Three ways to analyze your journal entries using data analysis
For the past year or so, I’ve been keeping a personal journal.
In this podcast episode, Derek Sivers explores the benefits that journalling has had for his life. Sivers views his journal as a powerful source of data, and he argues that analyzing this data can reveal empowering insights about your own mind.
I agree on both counts. My journal is a really important tool for emotional regulation, and it helps me every day. And it helps me feel like the emo kid I am at heart. But it’s also useful to analyze to reveal trends. The fact that I write my journal in plain text files (rather than in a physical book or, God forbid, a Word document) means that it’s really easy to analyze using standard data analysis software.
Here are three ways that I analyze my journal. These are just three methods that I’ve found useful so far. Unlike my dear sister Michelle, I am not a qualitative researcher, so there are probably many powerful methods for analyzing text that I don’t know about. There are also many new machine learning methods for analyzing text. I have chosen not to hand my journal over to large language models like ChatGPT, but others might find it useful to do so (in which case, see this code).
I haven’t provided code for these examples, because my journal is structured in an idiosyncratic way, and the code depends on how the journal is structured. But they’re all pretty trivial. I use R for the first and third example, and bash for the second example.
Simple keyword searches
In R (or any other language), it’s easy to do keyword searches. If you output the results as a Markdown-formatted text file, then you can also use Pandoc (which I call from within R using the system() command) to automate the process of building pretty PDFs. I’ve written R code that automates both processes. This way, I can automatically produce a report that simply lists the full text of all my journal entries that contain a specific keyword.
For example, if I use my code to perform a keyword search for “europe”, I get a 6-page PDF file that contains these 7 journal entries:

Word cloud
There’s an excellent command-line tool called wordcloud_cli, which can very easily generate word clouds for a given text file. If you create a word cloud of your journal, you can see what words are most common, which can give you some initial insight about what topics have been on your mind.
wordcloud_cli --text test_journal.txt --imagefile output.png --background "white" --color "blue" --width 800 --height 550 --min_font_size 6 --max_font_size 120 --margin 4
Here is the word cloud for my journal (with some spicy words removed, as I’m posting this on the internet!).

Sentiment/valence analysis
There are lots of tools where you input a passage of text and output a score that is supposed to capture the sentiment or mood of the author. There’s a great example of this idea applied to Twitter posts here. That’s just one example - there are many similar papers floating around the literature, and they involve a variety of different software tools or algorithms.
One such tool is VADER (Valence Aware Dictionary and sEntiment Reasoner), first published here and available from GitHub here. I chose VADER for this example because a) I like the name, b) it’s well-documented, and c) it has been ported to R here.
I used VADER in R to calculate a valence score (from -1/very unhappy, to +1/very happy) for each line in my journal. Then, I took a simple average across each day, giving me an estimated valence score for each day.

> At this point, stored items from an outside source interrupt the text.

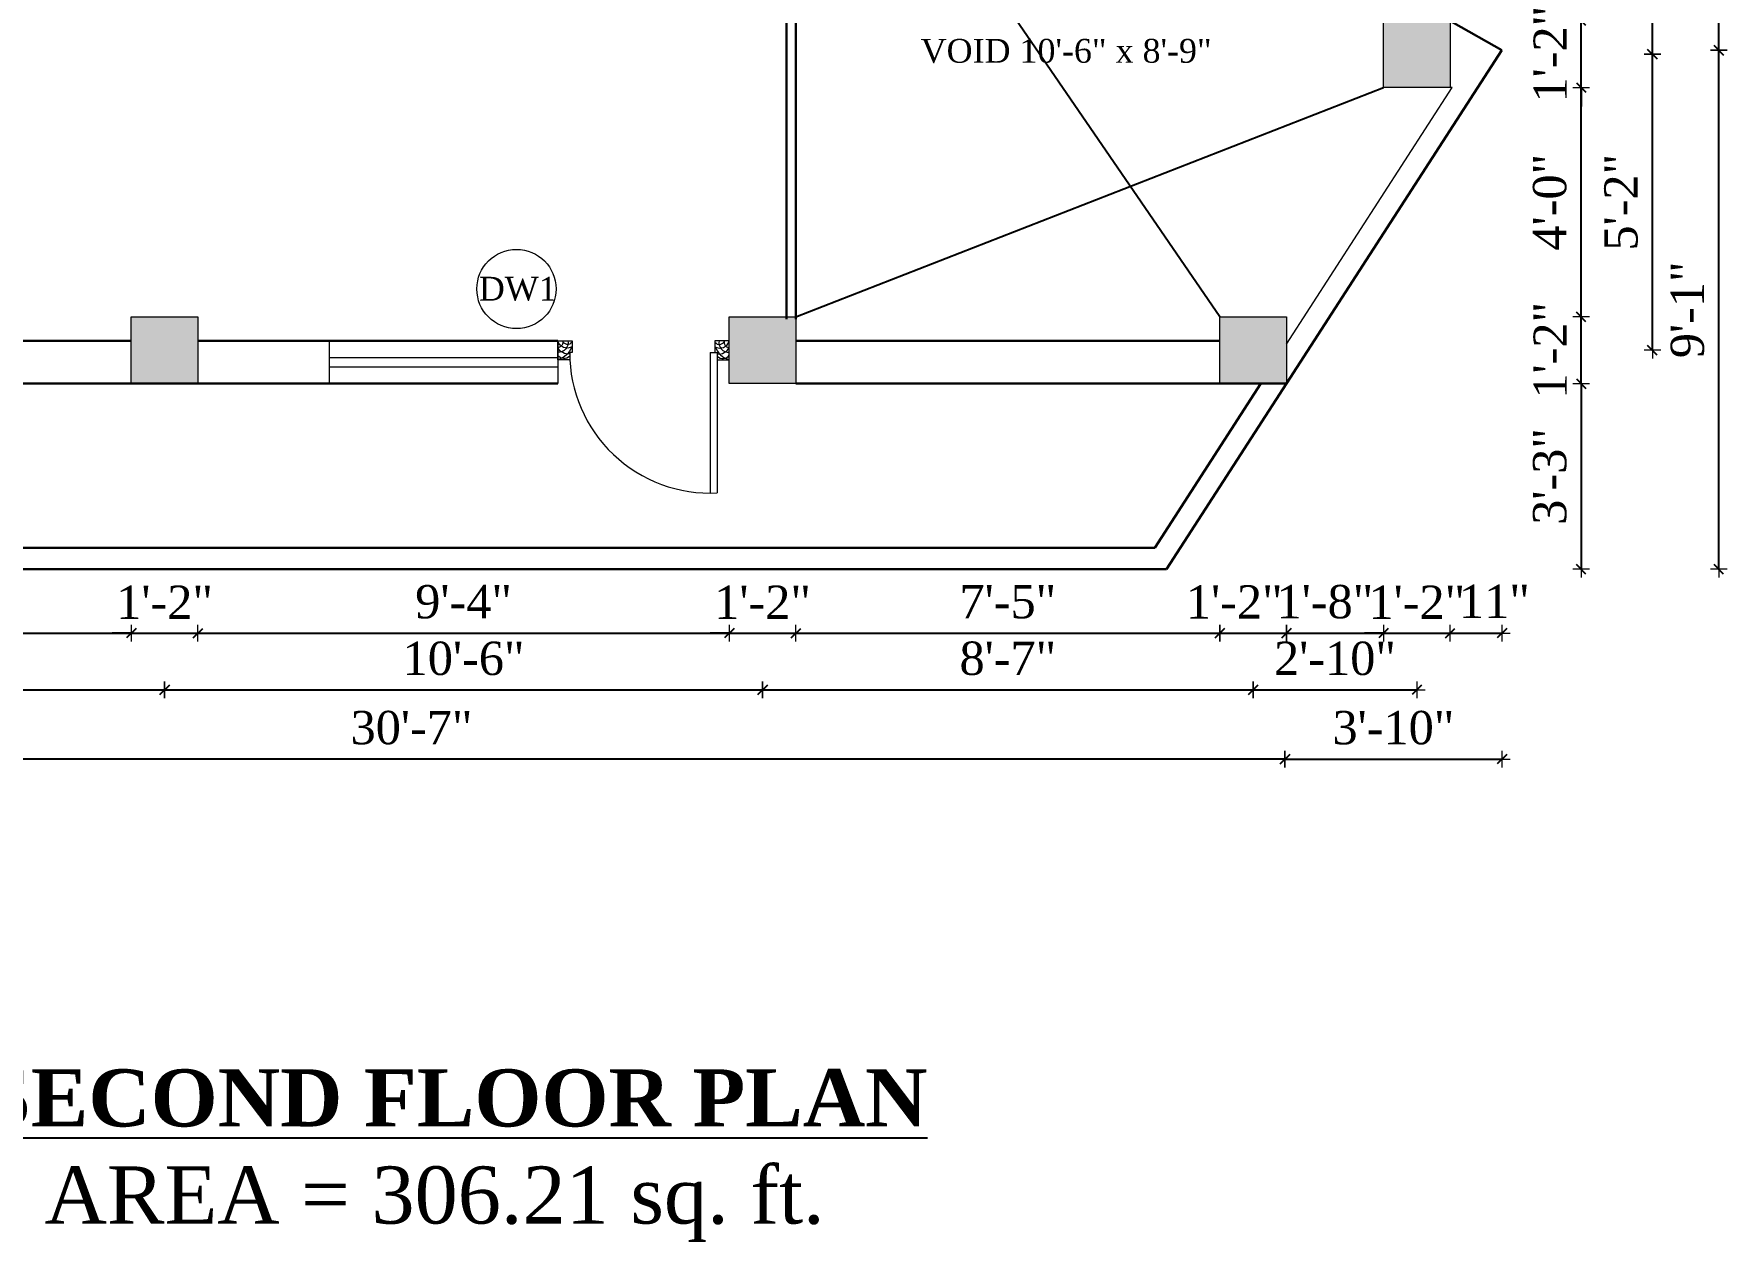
# Model space of a CAD drawing. Header units: inches. Extents: x 149946 to 166271, y -29520 to -26192.
# Drawn here: x 164722.5 to 165078, y -26732.8 to -26479.1 of the extents above; entities that cross this region are included whole.
import ezdxf

# ---------------------------------------------------------------- set-up
doc = ezdxf.new("R2010")
doc.units = ezdxf.units.IN
doc.header["$LTSCALE"] = 5
doc.header["$MEASUREMENT"] = 0
for name, color, linetype, lineweight in [('A-WALL', 7, 'Continuous', 9), ('Dimension', 7, 'Continuous', 18), ('DOOR', 62, 'Continuous', 0), ('Dw', 2, 'Continuous', 18)]:
    doc.layers.add(name, color=color, linetype=linetype, lineweight=lineweight)
doc.layers.add('dim line', color=7, linetype='Continuous', lineweight=15, true_color=0xfab2b2)
doc.layers.add('TEXT', color=6, linetype='Continuous')
doc.layers.add('WALL', color=7, linetype='Continuous')
doc.styles.add('ordinary', font='times.ttf')
doc.dimstyles.new('Copy of 96', dxfattribs={"dimtxt": 7, "dimasz": 4, "dimexe": 0.5, "dimexo": 0.5, "dimgap": 3, "dimtad": 1, "dimdec": 1, "dimzin": 11, "dimdsep": 46, "dimlunit": 4, "dimtxsty": 'ordinary', "dimblk": 'OBLIQUE', "dimcen": 0.09, "dimse1": 1, "dimse2": 1, "dimclrt": 6, "dimazin": 0, "dimtfac": 1, "dimtdec": 1, "dimtix": 1, "dimtmove": 2, "dimatfit": 3, "dimldrblk": 'leader', "dimfxl": 0.5, "dimfxlon": 1, "dimtolj": 1, "dimtzin": 0, "dimarcsym": 0})

# ---------------------------------------------------------------- blocks, each defined once
blk = doc.blocks.new('A$C27B36B59')
at = {"layer": 'DOOR'}
for p, q in [((0, 4), (0, 0)), ((2.5, 4), (0, 4)), ((2.5, 2.5), (2.5, 4)), ((0, 0), (3, 0)), ((3, 2.5), (2.5, 2.5)), ((3, 0), (3, 2.5))]:
    blk.add_line(p, q, dxfattribs=at)
for centre, radius, start, end in [((-1.4, -0.54), 4.75, 22.1411, 72.838), ((1.34, 2.09), 1.64, 45.138, 144.8948), ((2.21, 0.3), 2.49, 83.3149, 152.658), ((0.13, 0.37), 2.05, 349.4875, 93.6805), ((1.96, -0.47), 2.01, 58.7447, 166.495), ((-0.06, 0.32), 1.13, 343.542, 86.947), ((2.08, -0.4), 1.17, 38.2816, 160.1519)]:
    blk.add_arc(centre, radius, start, end, dxfattribs=at)
blk = doc.blocks.new('D2')
at = {"layer": 'DOOR'}
for p, q in [((74473.95, 24047.59), (74473.95, 24018.09)), ((74473.95, 24047.59), (74475.45, 24047.59)), ((74475.45, 24047.59), (74475.45, 24018.13))]:
    blk.add_line(p, q, dxfattribs=at)
blk.add_arc((74473.95, 24047.59), 29.5, 180, 272.9146, dxfattribs=at)
at = {"layer": 'DOOR', "xscale": -1, "rotation": 180}
blk.add_blockref('A$C27B36B59', (74441.95, 24050.09), dxfattribs=at)
at = {"layer": 'DOOR', "rotation": 180}
blk.add_blockref('A$C27B36B59', (74477.95, 24050.09), dxfattribs=at)
blk = doc.blocks.new('oblique')
at = {"color": 0, "lineweight": -2}
blk.add_line((0.25, 0.25), (-0.25, -0.25), dxfattribs=at)
at = {"layer": 'dim line', "lineweight": 9}
for p, q in [((-0.4375, 0), (0.4375, 0)), ((0, 0.4375), (0, -0.4375))]:
    blk.add_line(p, q, dxfattribs=at)
blk = doc.blocks.new('*D1077')
at = {"layer": 'A-WALL', "color": 0, "lineweight": -2, "ltscale": 5}
for p, q in [((165047.38, -26538.51), (165047.38, -26534.51)), ((165047.38, -26552.51), (165047.38, -26538.51)), ((165047.38, -26552.51), (165047.38, -26556.51))]:
    blk.add_line(p, q, dxfattribs=at)
at = {"layer": 'Defpoints', "color": 0, "ltscale": 5}
for p in [(164985.52, -26538.51), (165047.38, -26538.51), (164985.52, -26552.51)]:
    blk.add_point(p, dxfattribs=at)
at = {"layer": 'A-WALL', "color": 0, "lineweight": -2, "ltscale": 5, "xscale": 4, "yscale": 4, "zscale": 4}
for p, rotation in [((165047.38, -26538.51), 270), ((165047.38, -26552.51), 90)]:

Alternatively, you can visualize this data as a series of colored bars, where the color represents the negative or positive intensity. This is the same technique as the iconic climate stripes. Sadly, this doesn’t look as good for my journal entries - there are lots of gaps, more data points, and there’s lots of variance from day to day. So it looks a bit ugly. You could address some of this by averaging over months rather than days, but my mood varies significantly from day to day, so I don’t think monthly averages would convey any useful information.

Either way, VADER hasn’t revealed the trends I was expecting. For example, there was a huge crash in my mood in mid-September 2025, but this does not show up on this graph. Perhaps a different method for sentiment or valence analysis would be more appropriate and would capture mood changes like that one.